30.01.15 Googles Umsatz und Reingewinn waren im 4. Quartal 2014 so hoch wie noch nie - trotzdem macht das Unternehmen Anlegern Sorge: Insbesondere das Werbegeschäft entwickelt sich ambivalent.

Gute-Laune-Firma Google: Die Werbemarkt entwickelt sich schneller als das Unternehmen (Bild: Google)
Bild: Google
Gute-Laune-Firma Google: Die Werbemarkt entwickelt sich schneller als das Unternehmen
Im vierten Quartal 2014 hat Google zur Homepage dieses Unternehmes Relation Browser einen neuen Umsatzrekord aufgestellt: Insgesamt 18,1 Milliarden US-Dollar konnte der Konzern einnehmen, das entspricht einem Plus von 15 Prozent gegenüber dem Vorjahr. Auch seinen Gewinn konnte Google steigern: Insbesondere der Verkauf von Motorola Mobility sorgte für ein Plus von 41 Prozent gegenüber dem Vorjahr auf 4,8 Milliarden Dollar.

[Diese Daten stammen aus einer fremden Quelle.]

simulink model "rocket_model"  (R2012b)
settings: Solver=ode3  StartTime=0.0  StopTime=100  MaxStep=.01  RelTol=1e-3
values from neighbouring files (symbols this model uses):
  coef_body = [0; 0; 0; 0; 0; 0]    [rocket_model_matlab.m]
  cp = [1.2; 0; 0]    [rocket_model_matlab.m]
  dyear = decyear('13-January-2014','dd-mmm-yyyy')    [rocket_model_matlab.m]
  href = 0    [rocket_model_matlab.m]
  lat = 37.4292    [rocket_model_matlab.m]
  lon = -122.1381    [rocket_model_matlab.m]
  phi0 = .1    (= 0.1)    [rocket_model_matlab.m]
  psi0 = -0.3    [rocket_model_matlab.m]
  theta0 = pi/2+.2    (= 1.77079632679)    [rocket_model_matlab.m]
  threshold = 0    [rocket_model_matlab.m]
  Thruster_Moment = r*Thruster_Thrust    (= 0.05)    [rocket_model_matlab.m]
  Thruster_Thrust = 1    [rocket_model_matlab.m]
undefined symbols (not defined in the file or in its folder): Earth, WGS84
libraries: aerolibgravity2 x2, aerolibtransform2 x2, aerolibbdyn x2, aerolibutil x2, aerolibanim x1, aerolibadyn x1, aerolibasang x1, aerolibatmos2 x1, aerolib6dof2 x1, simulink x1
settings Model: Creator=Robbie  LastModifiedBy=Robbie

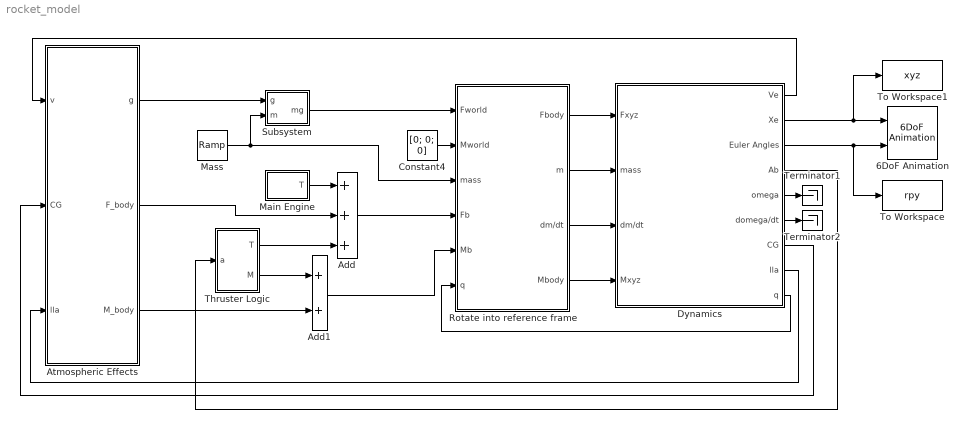
== system rocket_model ==
  6DoF Animation : aerolibanim/6DoF Animation  u1=[0 400 -200 200 -500 -300]  u2=0.1  u3=40  u4=[0 0 40]  u5=Fixed position  u6=[200 50 -315]  u7=10  u8=on
  Add : Sum  Inputs=+++
  Add1 : Sum
  Atmospheric Effects : Subsystem
  Constant4 : Constant  Value=[0; 0; 0]
  Dynamics : Subsystem
  Main Engine : Subsystem
  Mass : simulink/Sources/Ramp  slope=-.2  start=0  X0=50
  Rotate into reference frame : Subsystem
  Subsystem : Subsystem
  Terminator1 : Terminator
  Terminator2 : Terminator
  Thruster Logic : Subsystem
  To Workspace : ToWorkspace  VariableName=rpy  SampleTime=-1  SaveFormat=Timeseries
  To Workspace1 : ToWorkspace  VariableName=xyz  SampleTime=-1  SaveFormat=Timeseries
  wires:
  Dynamics/7(CG) -> Atmospheric Effects/2(CG)
  Dynamics/2(Xe) -> 6DoF Animation/1, To Workspace1/1
  Dynamics/3(Euler Angles) -> 6DoF Animation/2, To Workspace/1
  Dynamics/1(Ve) -> Atmospheric Effects/1(v)
  Dynamics/8(lla) -> Atmospheric Effects/3(lla)
  Atmospheric Effects/3(M_body) -> Add1/2
  Rotate into reference frame/1(Fbody) -> Dynamics/1(Fxyz)
  Rotate into reference frame/4(Mbody) -> Dynamics/4(Mxyz)
  Rotate into reference frame/3(dm/dt) -> Dynamics/3(dm/dt)
  Rotate into reference frame/2(m) -> Dynamics/2(mass)
  Mass/1 -> Subsystem/2(m), Rotate into reference frame/3(mass)
  Atmospheric Effects/2(F_body) -> Add/2
  Main Engine/1(T) -> Add/1
  Dynamics/9(q) -> Rotate into reference frame/6(q)
  Subsystem/1(mg) -> Rotate into reference frame/1(Fworld)
  Add1/1 -> Rotate into reference frame/5(Mb)
  Dynamics/5(omega) -> Terminator1/1
  Dynamics/6(domega/dt) -> Terminator2/1
  Thruster Logic/1(T) -> Add/3
  Thruster Logic/2(M) -> Add1/1
  Constant4/1 -> Rotate into reference frame/2(Mworld)
  Atmospheric Effects/1(g) -> Subsystem/1(g)
  Add/1 -> Rotate into reference frame/4(Fb)
  Dynamics/4(Ab) -> Thruster Logic/1(a)

== system rocket_model/Atmospheric Effects ==
  v : Inport
  CG : Inport  Port=2
  lla : Inport  Port=3
  Aerodynamics Forces : Subsystem
  LLA to Flat Earth (NED) + Atmospheric Model : Subsystem
  g : Outport
  F_body : Outport  Port=2
  M_body : Outport  Port=3
  wires:
  lla/1 -> LLA to Flat Earth (NED) + Atmospheric Model/1(lla)
  LLA to Flat Earth (NED) + Atmospheric Model/2("g (m/s^2) ") -> g/1
  Aerodynamics Forces/1(F_body) -> F_body/1
  v/1 -> Aerodynamics Forces/1(V)
  LLA to Flat Earth (NED) + Atmospheric Model/1(rho (kg/m^3)) -> Aerodynamics Forces/3(rho)
  Aerodynamics Forces/2(M_body) -> M_body/1
  CG/1 -> Aerodynamics Forces/2(CG)

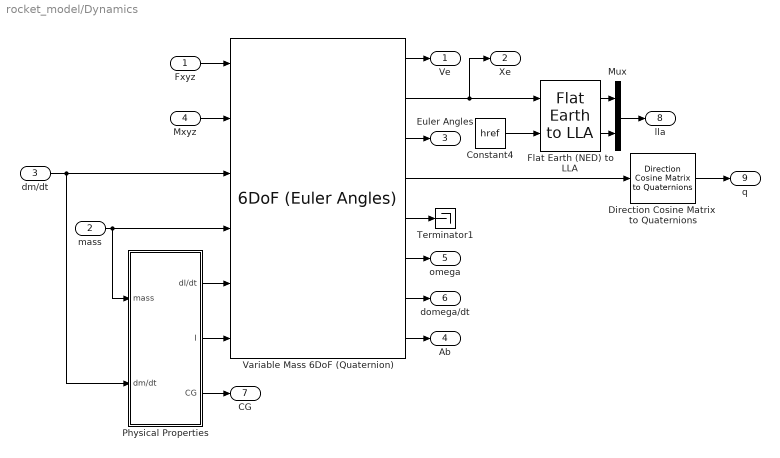
== system rocket_model/Dynamics ==
  Fxyz : Inport
  mass : Inport  Port=2
  dm/dt : Inport  Port=3
  Mxyz : Inport  Port=4
  Constant4 : Constant  Value=href
  Direction Cosine Matrix  to Quaternions : aerolibtransform2/Direction Cosine Matrix  to Quaternions
  Flat Earth (NED) to LLA : aerolibtransform2/Flat Earth to LLA  units=Metric (MKS)  ptype=Earth (WGS84)  F=1/298.257223563  R=6378137  LL0=[lat lon]  psi=0
  Mux : Mux  Inputs=2
  Physical Properties : Subsystem
  Terminator1 : Terminator
  Variable Mass 6DoF (Quaternion) : aerolib6dof2/6DoF (Euler Angles)  units=Metric (MKS)  mtype=Custom Variable  rep=Quaternion  xme_0=[0 0 0]  Vm_0=[0 0 0]  eul_0=[phi0 theta0 psi0]  pm_0=[0 0 0]  mass_0=1.0  mass_e=0  mass_f=0  inertia=eye(3)  inertia_e=eye(3)  inertia_f=eye(3)  k_quat=1.0
  Ve : Outport
  Xe : Outport  Port=2
  Euler Angles : Outport  Port=3
  Ab : Outport  Port=4
  omega : Outport  Port=5
  domega/dt : Outport  Port=6
  CG : Outport  Port=7
  lla : Outport  Port=8
  q : Outport  Port=9
  wires:
  Variable Mass 6DoF (Quaternion)/3 -> Euler Angles/1
  Variable Mass 6DoF (Quaternion)/2 -> Flat Earth (NED) to LLA/1, Xe/1
  Constant4/1 -> Flat Earth (NED) to LLA/2
  Variable Mass 6DoF (Quaternion)/8 -> Ab/1
  dm/dt/1 -> Variable Mass 6DoF (Quaternion)/3, Physical Properties/2(dm/dt)
  Physical Properties/3(CG) -> CG/1
  Physical Properties/1(dI/dt) -> Variable Mass 6DoF (Quaternion)/5
  Physical Properties/2(I) -> Variable Mass 6DoF (Quaternion)/6
  Variable Mass 6DoF (Quaternion)/6 -> omega/1
  Fxyz/1 -> Variable Mass 6DoF (Quaternion)/1
  mass/1 -> Variable Mass 6DoF (Quaternion)/4, Physical Properties/1(mass)
  Variable Mass 6DoF (Quaternion)/7 -> domega/dt/1
  Variable Mass 6DoF (Quaternion)/1 -> Ve/1
  Mxyz/1 -> Variable Mass 6DoF (Quaternion)/2
  Variable Mass 6DoF (Quaternion)/4 -> Direction Cosine Matrix  to Quaternions/1
  Variable Mass 6DoF (Quaternion)/5 -> Terminator1/1
  Flat Earth (NED) to LLA/1 -> Mux/1
  Flat Earth (NED) to LLA/2 -> Mux/2
  Mux/1 -> lla/1
  Direction Cosine Matrix  to Quaternions/1 -> q/1

== system rocket_model/Main Engine ==
  Constant1 : Constant  Value=0
  Constant2 : Constant  Value=0
  Constant3 : Constant  Value=450
  Mux : Mux  Inputs=3
  T : Outport
  wires:
  Constant1/1 -> Mux/3
  Constant3/1 -> Mux/1
  Constant2/1 -> Mux/2
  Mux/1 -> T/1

Die Einnahmen aus dem operativen Geschäft entwickelten sich hingegen weit weniger positiv. Der Betriebsgewinn sank leicht um 30 Millionen Dollar auf 4,4 Milliarden Dollar. Insbesondere das Werbegeschäft, aus dem rund 90 Prozent der Einnahmen entstammen, gibt Anlass zur Sorge: So sank der Cost-per-Click (CPC) für Werbeeinblendungen, die auf eigenen Seiten angezeigt werden (beispielsweise Adwords-Anzeigen), um acht Prozent. Anzeigen die über das Google Adnetwork auf Drittseiten ausgespielt werden, konnten dagegen im Schnitt um sechs Prozent zulegen, was auf eine gesteigerte Nachfrage nach RTA-Inventar hindeutet. Von diesem Trend konnte Google aber nicht in vollem Maße profitieren: Unterm Strich sank der Gesamt-CPC um drei Prozent.

Allerdings konnte die negative Preisentwicklung dadurch relativiert werden, dass Google die Zahl der bezahlten Klicks auf Werbeanzeigen im eigenen Umfeld um 25 Prozent steigern konnte. Unterm Strich stieg daher der Umsatz beider Werbesegmente.

Die Aktie legte nach Bekanntgabe der Quartalszahlen eine regelrechte Achterbahnfahrt hin: Zunächst verlor das Papier um 3,7 Prozent. Am Ende des Handelstages ging die Aktie jedoch mit einem Plus von 1,4 Prozent nach Hause.

Die Aussicht bei Google ist eben wechselhaft (siehe iBusiness: Wo Googles offene Flanken liegen)

(Autor: Dominik Grollmann)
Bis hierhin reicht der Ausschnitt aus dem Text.